Put a meter on it and check the amp draw


----------



## alph (Apr 20, 2013)

get a new one, they're only $50 at harbor frieght. if you have to "spin" it to get it going, it sounds like the bearings are all gummed up, if it's 50years old, you got your monies worth out of it.


----------



## fumehappy (Mar 26, 2012)

EEngineer, what would be the best way to do that? I have a multimeter available to me to check the amperage. I"ve never worked on a motor before, but now is a good a time as any to start…



















Thanks!


----------



## fumehappy (Mar 26, 2012)

To clarify, there is a cover on the bearings, I just took it off to inspect them.


----------



## dhazelton (Feb 11, 2012)

"...if it's 50years old, you got your monies worth out of it." Never. I'd rather spend $50 to refurbish a 50 year old American motor and understand how it works than buy a new Chinese one that will probably burn out in five. These motors are simple to disassemble. Basically once you take those four square nuts off the whole affair just pulls apart. If the bearings are in good shape and don't feel notchy when you turn the inner race I would just clean and repack. There's a motor shop near you somewhere, just have to look in the phone book. You can take the capacitor to them to check (the cardboard covered doodad in the base) and they can sell you a new one. The wiring in the base is just wire nutted together I believe so it's easy to disassemble.
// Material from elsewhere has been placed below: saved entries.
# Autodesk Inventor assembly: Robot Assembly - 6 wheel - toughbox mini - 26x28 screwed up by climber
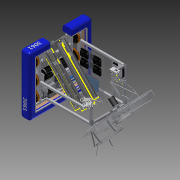
[picture p0: Inventor's stored thumbnail of the model, 180x180]
Saved by Autodesk Inventor 2013 (Build 170138000, 138)
## iProperties
Created: 2013-01-06
Part Number: Robot Assembly - 6 wheel - toughbox mini - 26x28 screwed up by climber
Document SubType Name: Assembly
Designer: Moses
Mass: 43228.5 g
Surface Area: 119845 cm^2
Volume: 41346.3 cm^3
Density: 1.04552 g/cm^3
Author: Moses
## Documents named in this file (40)
- C:\Users\Moses\Documents\GitHub\frc2013CAD\Robot Assembly - 6 wheel - toughbox mini - 26x28 screwed up by climber.iam
- C:\Users\Moses\Documents\GitHub\frc2013CAD\Drivetrain\Bearings\fr8zz-hex.ipt
- C:\Users\Moses\Documents\GitHub\frc2013CAD\Drivetrain\Drive Wheel Assembly V2.iam
- C:\Users\Moses\Documents\GitHub\frc2013CAD\Drivetrain\Standard Wheel Assembly V2.iam
- C:\Users\Moses\Documents\GitHub\frc2013CAD\Drivetrain\Toughbox-mini\Toughbox-mini-hex-long.iam
- C:\Users\Moses\Documents\GitHub\frc2013CAD\Drivetrain\6157K140 Shaft Collar\6157K140.ipt
- C:\Users\Moses\Documents\GitHub\frc2013CAD\Drivetrain\Shaft Spacer Part1.ipt
- C:\Users\Moses\Documents\GitHub\frc2013CAD\Drivetrain\Shaft Spacer Part2.ipt
- C:\Users\Moses\Documents\GitHub\frc2013CAD\Drivetrain\Shaft Spacer Part3.ipt
- C:\Users\Moses\Documents\GitHub\frc2013CAD\Drivetrain\Shaft Spacer Part4.ipt
- C:\Users\Moses\Documents\GitHub\frc2013CAD\Drivetrain\Shaft Spacer Part5.ipt
- C:\Users\Moses\Documents\GitHub\frc2013CAD\Drivetrain\Shaft Spacer Part6.ipt
- C:\Users\Moses\Documents\GitHub\frc2013CAD\Electrical\ELEC_Battery_NP18-12B.iam
- C:\Users\Moses\Documents\GitHub\frc2013CAD\Drivetrain\6061K130 Shaft\6061K130.ipt
- C:\Users\Moses\Documents\GitHub\frc2013CAD\Electrical\ELEC_CircuitBreaker_CB185-120.iam
- C:\Users\Moses\Documents\GitHub\frc2013CAD\Electrical\CS_PowerBoard_A003206.ipt
- C:\Users\Moses\Documents\GitHub\frc2013CAD\Electrical\CS_compactRIO_cRIO-FRC-II.ipt
- C:\Users\Moses\Documents\GitHub\frc2013CAD\Electrical\CS_WirelessBridge_DAP1522.ipt
- C:\Users\Moses\Documents\GitHub\frc2013CAD\Electrical\CS_Converter_CLL25-24S05.ipt
- C:\Users\Moses\Documents\GitHub\frc2013CAD\Electrical\Talon.ipt
- C:\Users\Moses\Documents\GitHub\frc2013CAD\Drivetrain\Pneumatic_Compressor_VIAIR_00090\Pneumatic_Compressor_VIAIR_00090.iam
- C:\Users\Moses\Documents\GitHub\frc2013CAD\Drivetrain\Mounting Bracket V1.500 - (toughbox-mini - sheet metal).ipt
- C:\Users\Moses\Documents\GitHub\frc2013CAD\Drivetrain\Mounting Bracket V1.500 - (toughbox-mini - sheet metal - underside).ipt
- C:\Users\Moses\Documents\GitHub\frc2013CAD\Drivetrain\Bearing Block V1.500 Drivetrain.ipt
- C:\Users\Moses\Documents\GitHub\frc2013CAD\Drivetrain\Shaft Mount V1.500 Drivetrain.ipt
- C:\Users\Moses\Documents\GitHub\frc2013CAD\Launcher\Shooter\Shooter Assembly v2.iam
- C:\Users\Moses\Documents\GitHub\frc2013CAD\Chassis\Chassis Assembly 26x28 Version\Chassis Assembly 26x28 Version.iam
- C:\Users\Moses\Documents\GitHub\frc2013CAD\Chassis\Bumpers\Bumpers (26x28)\Bumper Assembly1 (26x28 robot).iam
- C:\Users\Moses\Documents\GitHub\frc2013CAD\Climber rough space budget version\arm assembly mount plate.ipt
- C:\Users\Moses\Documents\GitHub\frc2013CAD\Cimber actual\main climber.iam
- C:\Users\Moses\Documents\GitHub\frc2013CAD\Electrical\Mounting Board 1.ipt
- C:\Users\Moses\Documents\GitHub\frc2013CAD\Electrical\CS_SideCar_A003333.ipt
- C:\Users\Moses\Documents\GitHub\frc2013CAD\Electrical\Mounting Board 2.ipt
- C:\Users\Moses\Documents\GitHub\frc2013CAD\Electrical\Mounting Board 3.ipt
- C:\Users\Moses\Documents\GitHub\frc2013CAD\Drivetrain\Wheel Mount Support Plate - drive wheel.ipt
- C:\Users\Moses\Documents\GitHub\frc2013CAD\Drivetrain\Wheel Mount Support Plate.ipt
- C:\Users\Moses\Documents\GitHub\frc2013CAD\Electrical\CS_Controller_216-3367.iam
- C:\Users\Moses\Documents\GitHub\frc2013CAD\Chassis\Bumpers\Bumpers (26x28)\Bumper Assembly2 (26x28 robot).iam
- C:\Users\Moses\Documents\GitHub\frc2013CAD\Chassis\Bumpers\Bumpers (26x28)\Bumper Assembly3 (26x28 robot).iam
- C:\Users\Moses\Documents\GitHub\frc2013CAD\Chassis\Bumpers\Bumpers (26x28)\Bumper Assembly4 (26x28 robot).iam
## Components (85 placed, 39 different names)
1. Chassis Assembly 26x28 Version:1 [sub-assembly] — Mate:1, Flush:1, Mate:2, Flush:4, Mate:3, Mate:4, Mate:5, Mate:8, Mate:9, Mate:10, Mate:17, Mate:18, Mate:19, Mate:20, Mate:21, Mate:26, Mate:27, Mate:28, Mate:29, Mate:34, Mate:35, Mate:36, Mate:37, Mate:42, Mate:43, Mate:44, Mate:47, Mate:48, Mate:51, Mate:52, Mate:55, Mate:83, Mate:84, Mate:85, Mate:89, Mate:98, Mate:99, Mate:100, Mate:101, Mate:115, Mate:116, Mate:117, Mate:118, Mate:119, Mate:120, Mate:125, Mate:126, Mate:127, Mate:128, Mate:129, Mate:130, Mate:132, Mate:136, Mate:141, Mate:153, Flush:17, Mate:154, Mate:155, Flush:18, Flush:156, Mate:157, Flush:158, Angle:1, Mate:159, Mate:183, Flush:161, Mate:190, Flush:162, Flush:191, Mate:193, Mate:194, Mate:195, Mate:196, Mate:197, Mate:198, Mate:199, Mate:200, Mate:201, Mate:202, Mate:203, Mate:204, Mate:205, Mate:206, Mate:207, Mate:208, Mate:209, Mate:210, Mate:211, Mate:212, Mate:213, Mate:214, Mate:215, Mate:216, Mate:217, Mate:218, Mate:219, Mate:220, Mate:221, Mate:222, Mate:223
2. arm assembly mount plate:2 — Mate:155, Flush:18, Flush:156, Mate:156, Flush:157, Flush:159
3. main climber:1 [sub-assembly] — Mate:156, Mate:158, Flush:159
4. arm assembly mount plate:3 — Mate:157, Flush:157, Flush:158, Mate:158
5. Mounting Board 1:1 — Mate:143, Mate:167, Mate:168, Mate:147, Mate:151, Mate:146, Mate:148, Mate:149, Mate:150, Mate:169, Mate:170, Mate:171, Mate:172, Mate:173, Mate:174, Mate:175, Mate:176, Mate:177, Mate:178, Mate:179, Mate:180, Mate:145, Mate:182, Flush:163, Mate:225, Mate:226, Mate:227, Mate:228, Mate:229, Mate:230, Mate:231, Mate:232, Mate:233, Mate:234, Mate:235, Mate:236, Mate:237, Mate:238, Mate:239
6. CS_SideCar_A003333:1 — Mate:184, Mate:185, Mate:186
7. Mounting Board 2:1 — Mate:183, Flush:161, Mate:184, Mate:185, Mate:186, Mate:187, Mate:142
8. Mounting Board 3:1 — Mate:190, Flush:162, Mate:16, Mate:188, Mate:189, Flush:191, Mate:144, Mate:240, Mate:241
9. Wheel Mount Support Plate - drive wheel:1 — Mate:194, Mate:195, Mate:196
10. Wheel Mount Support Plate - drive wheel:2 — Mate:197, Mate:198, Mate:199
11. Wheel Mount Support Plate:1 — Mate:200, Mate:201, Mate:202
12. Wheel Mount Support Plate:2 — Mate:203, Mate:204, Mate:205
13. Wheel Mount Support Plate:3 — Mate:206, Mate:207, Mate:208
14. Wheel Mount Support Plate:4 — Mate:209, Mate:210, Mate:211
15. Wheel Mount Support Plate:5 — Mate:212, Mate:213, Mate:214
16. Wheel Mount Support Plate:6 — Mate:215, Mate:216, Mate:217
17. Wheel Mount Support Plate:7 — Mate:218, Mate:219, Mate:220
18. Wheel Mount Support Plate:8 — Mate:221, Mate:222, Mate:223
19. CS_Controller_216-3367:3 [sub-assembly] — Mate:229, Mate:230, Mate:231
20. CS_Controller_216-3367:4 [sub-assembly] — Mate:226, Mate:227, Mate:228
21. CS_Controller_216-3367:5 [sub-assembly] — Mate:233, Mate:236, Mate:237
22. CS_Controller_216-3367:6 [sub-assembly] — Mate:232, Mate:234, Mate:235
23. Bumper Assembly1 (26x28 robot):1 [sub-assembly] — Mate:5, Mate:3, Flush:6, Flush:9, Flush:10
24. Bumper Assembly1 (26x28 robot):2 [sub-assembly] — Mate:1, Flush:1, Flush:3, Flush:2, Flush:7, Flush:8
25. Bumper Assembly2 (26x28 robot):1 [sub-assembly] — Mate:2, Flush:2, Flush:3, Flush:4, Mate:5, Flush:10
26. Bumper Assembly3 (26x28 robot):1 [sub-assembly] — Flush:9, Mate:5, Flush:6
27. Bumper Assembly4 (26x28 robot):1 [sub-assembly] — Mate:4, Flush:7, Flush:8
28. Pneumatic_Compressor_VIAIR_00090:1 [sub-assembly] — Mate:144, Mate:240, Mate:241
29. Shaft Spacer Part1:1 — Insert:111
30. Shaft Spacer Part2:1 — Insert:112
31. Shaft Spacer Part1:3 — Insert:113
32. Shaft Spacer Part2:2 — Insert:114
33. Shaft Spacer Part3:1 — Insert:115
34. Shaft Spacer Part3:2 — Insert:116
35. Shaft Spacer Part4:2 — Insert:117
36. Shaft Spacer Part4:1 — Insert:118
37. Shaft Spacer Part5:1 — Insert:119
38. Shaft Spacer Part5:2 — Insert:120
39. Shaft Spacer Part6:1 — Insert:121
40. Shaft Spacer Part6:2 — Insert:122
41. 6157K140:1 — Insert:107, Insert:113
42. 6157K140:2 — Insert:108, Insert:114
43. 6157K140:3 — Insert:110, Insert:111
44. 6157K140:4 — Insert:109, Insert:112
45. Toughbox-mini-hex-long:2 [sub-assembly] — Mate:131, Mate:132, Mate:133, Mate:134, Mate:135, Insert:118, Tangent:1
46. Toughbox-mini-hex-long:1 [sub-assembly] — Mate:136, Mate:137, Mate:138, Mate:139, Mate:140, Insert:117
47. fr8zz-hex:1 — Insert:94, Insert:116
48. Bearing Block V1.500 Drivetrain:1 — Mate:83, Mate:84, Mate:85, Insert:106
49. Bearing Block V1.500 Drivetrain:2 — Mate:98, Mate:99, Mate:100, Insert:94
50. fr8zz-hex:2 — Insert:106, Insert:115
51. Mounting Bracket V1.500 - (toughbox-mini - sheet metal):1 — Mate:115, Mate:116, Mate:117, Mate:137, Mate:138
52. Mounting Bracket V1.500 - (toughbox-mini - sheet metal):2 — Mate:118, Mate:119, Mate:120, Mate:131, Mate:133
53. Mounting Bracket V1.500 - (toughbox-mini - sheet metal - underside):1 — Mate:125, Mate:126, Mate:127
54. Mounting Bracket V1.500 - (toughbox-mini - sheet metal - underside):2 — Mate:128, Mate:129, Mate:130
55. Shaft Mount V1.500 Drivetrain:8 — Mate:34, Mate:35, Mate:51, Insert:121
56. Shaft Mount V1.500 Drivetrain:7 — Mate:28, Mate:29, Mate:48, Insert:110
57. Shaft Mount V1.500 Drivetrain:6 — Mate:42, Mate:43, Mate:47, Insert:122
58. Shaft Mount V1.500 Drivetrain:5 — Mate:36, Mate:37, Mate:44, Insert:107
59. Shaft Mount V1.500 Drivetrain:4 — Mate:26, Mate:27, Mate:55, Insert:7, Insert:109
60. Shaft Mount V1.500 Drivetrain:3 — Mate:20, Mate:21, Mate:52, Insert:5, Insert:119
61. Shaft Mount V1.500 Drivetrain:2 — Mate:17, Mate:18, Mate:19, Insert:2, Insert:108
62. Shaft Mount V1.500 Drivetrain:1 — Mate:8, Mate:9, Mate:10, Insert:1, Insert:120
63. 6061K130:4 — Insert:7, Mate:21
64. 6061K130:3 — Insert:5, Mate:22
65. 6061K130:2 — Insert:2, Mate:19, Mate:192
66. 6061K130:1 — Insert:1, Mate:17
67. Standard Wheel Assembly V2:3 [sub-assembly] — Mate:17, Flush:13, Rotation:1
68. Drive Wheel Assembly V2:1 [sub-assembly] — Mate:89, Flush:13, Flush:15, Mate:139, Mate:140, Rotation:1, Rotation:2
69. Standard Wheel Assembly V2:1 [sub-assembly] — Mate:19, Flush:15, Rotation:2
70. Standard Wheel Assembly V2:2 [sub-assembly] — Mate:21, Flush:11, Rotation:4
71. Standard Wheel Assembly V2:4 [sub-assembly] — Mate:22, Flush:12, Rotation:3
72. Drive Wheel Assembly V2:2 [sub-assembly] — Mate:101, Flush:11, Flush:12, Mate:134, Mate:135, Rotation:3, Rotation:4
73. Talon:1 — Mate:147, Mate:169, Mate:170
74. Talon:2 — Mate:151, Mate:171, Mate:172
75. Talon:3 — Mate:146, Mate:175, Mate:176
76. Talon:4 — Mate:148, Mate:173, Mate:174
77. Talon:5 — Mate:149, Mate:177, Mate:178
78. Talon:6 — Mate:150, Mate:179, Mate:180
79. CS_Converter_CLL25-24S05:1 — Mate:145, Mate:238, Mate:239
80. CS_WirelessBridge_DAP1522:1 — Flush:152, Mate:164, Mate:224
81. CS_compactRIO_cRIO-FRC-II:1 — Mate:16, Mate:188, Mate:189
82. ELEC_CircuitBreaker_CB185-120:1 [sub-assembly] — Mate:142
83. ELEC_Battery_NP18-12B:1 [sub-assembly] — Mate:141, Mate:192, Mate:193
84. CS_PowerBoard_A003206:1 — Mate:143, Mate:167, Mate:168
85. Shooter Assembly v2:1 [sub-assembly] — Mate:153, Flush:17, Mate:154, Mate:159, Mate:164, Flush:152, Mate:182, Mate:187, Mate:224, Flush:163, Mate:225
## Relationships (209: Mate 157, Flush 24, Insert 22, RelateRotation 4, Angle 1, Tangent 1)
- Mate:1: Chassis Assembly 26x28 Version:1 ↔ Bumper Assembly1 (26x28 robot):2
- Flush:1: Chassis Assembly 26x28 Version:1 ↔ Bumper Assembly1 (26x28 robot):2
- Mate:2: Chassis Assembly 26x28 Version:1 ↔ Bumper Assembly2 (26x28 robot):1
- Flush:2: Bumper Assembly1 (26x28 robot):2 ↔ Bumper Assembly2 (26x28 robot):1
- Flush:3: Bumper Assembly1 (26x28 robot):2 ↔ Bumper Assembly2 (26x28 robot):1
- Flush:4 (-69.85 mm): Chassis Assembly 26x28 Version:1 ↔ Bumper Assembly2 (26x28 robot):1
- Mate:5: Bumper Assembly1 (26x28 robot):1 ↔ Bumper Assembly2 (26x28 robot):1
- Mate:3: Chassis Assembly 26x28 Version:1 ↔ Bumper Assembly1 (26x28 robot):1
- Flush:6: Bumper Assembly1 (26x28 robot):1 ↔ Bumper Assembly3 (26x28 robot):1
- Mate:4: Chassis Assembly 26x28 Version:1 ↔ Bumper Assembly4 (26x28 robot):1
- Flush:7: Bumper Assembly1 (26x28 robot):2 ↔ Bumper Assembly4 (26x28 robot):1
- Flush:8: Bumper Assembly1 (26x28 robot):2 ↔ Bumper Assembly4 (26x28 robot):1
- Flush:9: Bumper Assembly1 (26x28 robot):1 ↔ Bumper Assembly3 (26x28 robot):1
- Flush:10: Bumper Assembly1 (26x28 robot):1 ↔ Bumper Assembly2 (26x28 robot):1
- Mate:5: Chassis Assembly 26x28 Version:1 ↔ Bumper Assembly3 (26x28 robot):1
- Insert:1 (-6.35 mm): Shaft Mount V1.500 Drivetrain:1 ↔ 6061K130:1
- Insert:2 (-6.35 mm): Shaft Mount V1.500 Drivetrain:2 ↔ 6061K130:2
- Insert:5 (-6.35 mm): Shaft Mount V1.500 Drivetrain:3 ↔ 6061K130:3
- Insert:7 (-6.35 mm): Shaft Mount V1.500 Drivetrain:4 ↔ 6061K130:4
- Mate:8: Chassis Assembly 26x28 Version:1 ↔ Shaft Mount V1.500 Drivetrain:1
- Mate:9: Chassis Assembly 26x28 Version:1 ↔ Shaft Mount V1.500 Drivetrain:1
- Mate:10: Chassis Assembly 26x28 Version:1 ↔ Shaft Mount V1.500 Drivetrain:1
- Mate:17: Chassis Assembly 26x28 Version:1 ↔ Shaft Mount V1.500 Drivetrain:2
- Mate:18: Chassis Assembly 26x28 Version:1 ↔ Shaft Mount V1.500 Drivetrain:2
- Mate:19: Chassis Assembly 26x28 Version:1 ↔ Shaft Mount V1.500 Drivetrain:2
- Mate:20: Chassis Assembly 26x28 Version:1 ↔ Shaft Mount V1.500 Drivetrain:3
- Mate:21: Chassis Assembly 26x28 Version:1 ↔ Shaft Mount V1.500 Drivetrain:3
- Mate:26: Chassis Assembly 26x28 Version:1 ↔ Shaft Mount V1.500 Drivetrain:4
- Mate:27: Chassis Assembly 26x28 Version:1 ↔ Shaft Mount V1.500 Drivetrain:4
- Mate:28: Chassis Assembly 26x28 Version:1 ↔ Shaft Mount V1.500 Drivetrain:7
- Mate:29: Chassis Assembly 26x28 Version:1 ↔ Shaft Mount V1.500 Drivetrain:7
- Mate:34: Chassis Assembly 26x28 Version:1 ↔ Shaft Mount V1.500 Drivetrain:8
- Mate:35: Chassis Assembly 26x28 Version:1 ↔ Shaft Mount V1.500 Drivetrain:8
- Mate:36: Chassis Assembly 26x28 Version:1 ↔ Shaft Mount V1.500 Drivetrain:5
- Mate:37: Chassis Assembly 26x28 Version:1 ↔ Shaft Mount V1.500 Drivetrain:5
- Mate:42: Chassis Assembly 26x28 Version:1 ↔ Shaft Mount V1.500 Drivetrain:6
- Mate:43: Chassis Assembly 26x28 Version:1 ↔ Shaft Mount V1.500 Drivetrain:6
- Mate:44: Chassis Assembly 26x28 Version:1 ↔ Shaft Mount V1.500 Drivetrain:5
- Mate:47: Chassis Assembly 26x28 Version:1 ↔ Shaft Mount V1.500 Drivetrain:6
- Mate:48: Chassis Assembly 26x28 Version:1 ↔ Shaft Mount V1.500 Drivetrain:7
- Mate:51: Chassis Assembly 26x28 Version:1 ↔ Shaft Mount V1.500 Drivetrain:8
- Mate:52: Chassis Assembly 26x28 Version:1 ↔ Shaft Mount V1.500 Drivetrain:3
- Mate:55: Chassis Assembly 26x28 Version:1 ↔ Shaft Mount V1.500 Drivetrain:4
- Mate:17: 6061K130:1 ↔ Standard Wheel Assembly V2:3
- Mate:19: 6061K130:2 ↔ Standard Wheel Assembly V2:1
- Mate:21: 6061K130:4 ↔ Standard Wheel Assembly V2:2
- Mate:22: 6061K130:3 ↔ Standard Wheel Assembly V2:4
- Mate:83: Chassis Assembly 26x28 Version:1 ↔ Bearing Block V1.500 Drivetrain:1
- Mate:84: Chassis Assembly 26x28 Version:1 ↔ Bearing Block V1.500 Drivetrain:1
- Mate:85: Chassis Assembly 26x28 Version:1 ↔ Bearing Block V1.500 Drivetrain:1
- Mate:89 (6.35 mm): Chassis Assembly 26x28 Version:1 ↔ Drive Wheel Assembly V2:1
- Insert:94: fr8zz-hex:1 ↔ Bearing Block V1.500 Drivetrain:2
- Mate:98: Chassis Assembly 26x28 Version:1 ↔ Bearing Block V1.500 Drivetrain:2
- Mate:99: Chassis Assembly 26x28 Version:1 ↔ Bearing Block V1.500 Drivetrain:2
- Mate:100: Chassis Assembly 26x28 Version:1 ↔ Bearing Block V1.500 Drivetrain:2
- Mate:101 (6.35 mm): Chassis Assembly 26x28 Version:1 ↔ Drive Wheel Assembly V2:2
- Insert:106: Bearing Block V1.500 Drivetrain:1 ↔ fr8zz-hex:2
- Mate:115: Chassis Assembly 26x28 Version:1 ↔ Mounting Bracket V1.500 - (toughbox-mini - sheet metal):1
- Mate:116: Chassis Assembly 26x28 Version:1 ↔ Mounting Bracket V1.500 - (toughbox-mini - sheet metal):1
- Mate:117: Chassis Assembly 26x28 Version:1 ↔ Mounting Bracket V1.500 - (toughbox-mini - sheet metal):1
- Mate:118: Chassis Assembly 26x28 Version:1 ↔ Mounting Bracket V1.500 - (toughbox-mini - sheet metal):2
- Mate:119: Chassis Assembly 26x28 Version:1 ↔ Mounting Bracket V1.500 - (toughbox-mini - sheet metal):2
- Mate:120: Chassis Assembly 26x28 Version:1 ↔ Mounting Bracket V1.500 - (toughbox-mini - sheet metal):2
- Flush:11: Standard Wheel Assembly V2:2 ↔ Drive Wheel Assembly V2:2
- Flush:12: Standard Wheel Assembly V2:4 ↔ Drive Wheel Assembly V2:2
- Flush:13: Standard Wheel Assembly V2:3 ↔ Drive Wheel Assembly V2:1
- Mate:125: Chassis Assembly 26x28 Version:1 ↔ Mounting Bracket V1.500 - (toughbox-mini - sheet metal - underside):1
- Mate:126: Chassis Assembly 26x28 Version:1 ↔ Mounting Bracket V1.500 - (toughbox-mini - sheet metal - underside):1
- Mate:127: Chassis Assembly 26x28 Version:1 ↔ Mounting Bracket V1.500 - (toughbox-mini - sheet metal - underside):1
- Mate:128: Chassis Assembly 26x28 Version:1 ↔ Mounting Bracket V1.500 - (toughbox-mini - sheet metal - underside):2
- Mate:129: Chassis Assembly 26x28 Version:1 ↔ Mounting Bracket V1.500 - (toughbox-mini - sheet metal - underside):2
- Mate:130: Chassis Assembly 26x28 Version:1 ↔ Mounting Bracket V1.500 - (toughbox-mini - sheet metal - underside):2
- Flush:15: Drive Wheel Assembly V2:1 ↔ Standard Wheel Assembly V2:1
- Mate:131: Toughbox-mini-hex-long:2 ↔ Mounting Bracket V1.500 - (toughbox-mini - sheet metal):2
- Mate:132: Chassis Assembly 26x28 Version:1 ↔ Toughbox-mini-hex-long:2
- Mate:133: Toughbox-mini-hex-long:2 ↔ Mounting Bracket V1.500 - (toughbox-mini - sheet metal):2
- Mate:134: Toughbox-mini-hex-long:2 ↔ Drive Wheel Assembly V2:2
- Mate:135: Toughbox-mini-hex-long:2 ↔ Drive Wheel Assembly V2:2
- Mate:136: Chassis Assembly 26x28 Version:1 ↔ Toughbox-mini-hex-long:1
- Mate:137: Toughbox-mini-hex-long:1 ↔ Mounting Bracket V1.500 - (toughbox-mini - sheet metal):1
- Mate:138: Toughbox-mini-hex-long:1 ↔ Mounting Bracket V1.500 - (toughbox-mini - sheet metal):1
- Mate:139: Toughbox-mini-hex-long:1 ↔ Drive Wheel Assembly V2:1
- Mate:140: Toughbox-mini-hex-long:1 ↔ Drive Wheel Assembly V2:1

Only thing to do with the windings is blow all the dust out or use some CRC electrical cleaner. I would wire in a new 20 amp switch and grounded cord on the front of the lathe stand so you don't have to use the toggle on the motor base. Make sure you mark the top of the end housing as I think they only go together one way. If it's running hot you may have the belt too tight which stresses and overheats the bearings. Just pull it apart and clean and repack everything and check the wiring and test it - you have nothing to lose.


----------



## fumehappy (Mar 26, 2012)

Yeah, i've been doing some research since I posted the pics a little while ago. I want to try the rebuild for that reason, and to learn something for myself. Found this thread on a different site, and I'm going to work off that as a template.

Motor Rebuild


----------



## dhazelton (Feb 11, 2012)

Your motor is significantly easier than that one - I don't think it has that centrifugal switch assembly for one, and the capacitor is in the base with the rest of the wiring. I redid the exact same motor a couple of years ago, but it ran fine to begin with. It was just packed with sawdust and I replaced the bearings because mine were replacement sealed bearings that felt dry (that's why I like the original type like you have). You really only need to take off the end where your pulley is, pull out the inner armature and shaft and leave the outer windings alone in the housing. You may find nothing wrong with your capacitor but it may be a loose connection in the base. Have fun.


----------



## REO (Sep 20, 2012)

check your pulley diameters, and rpms. you may be high on the spindle rpm and that would make it work harder. Split phase motors have no capacitor or start winding switch the start winding and main windings stay on all the time these motors are for low torque applications. kind of self regulating loads like fans and grinders. you could use it but you would have to limit yourself to extremely light cuts.


----------



## 8iowa (Feb 7, 2008)

dhazelton is spot on. Take it to a motor shop for a little TLC. This motor is worth the expense. I would probably invest in a new set of bearings while it's at the shop.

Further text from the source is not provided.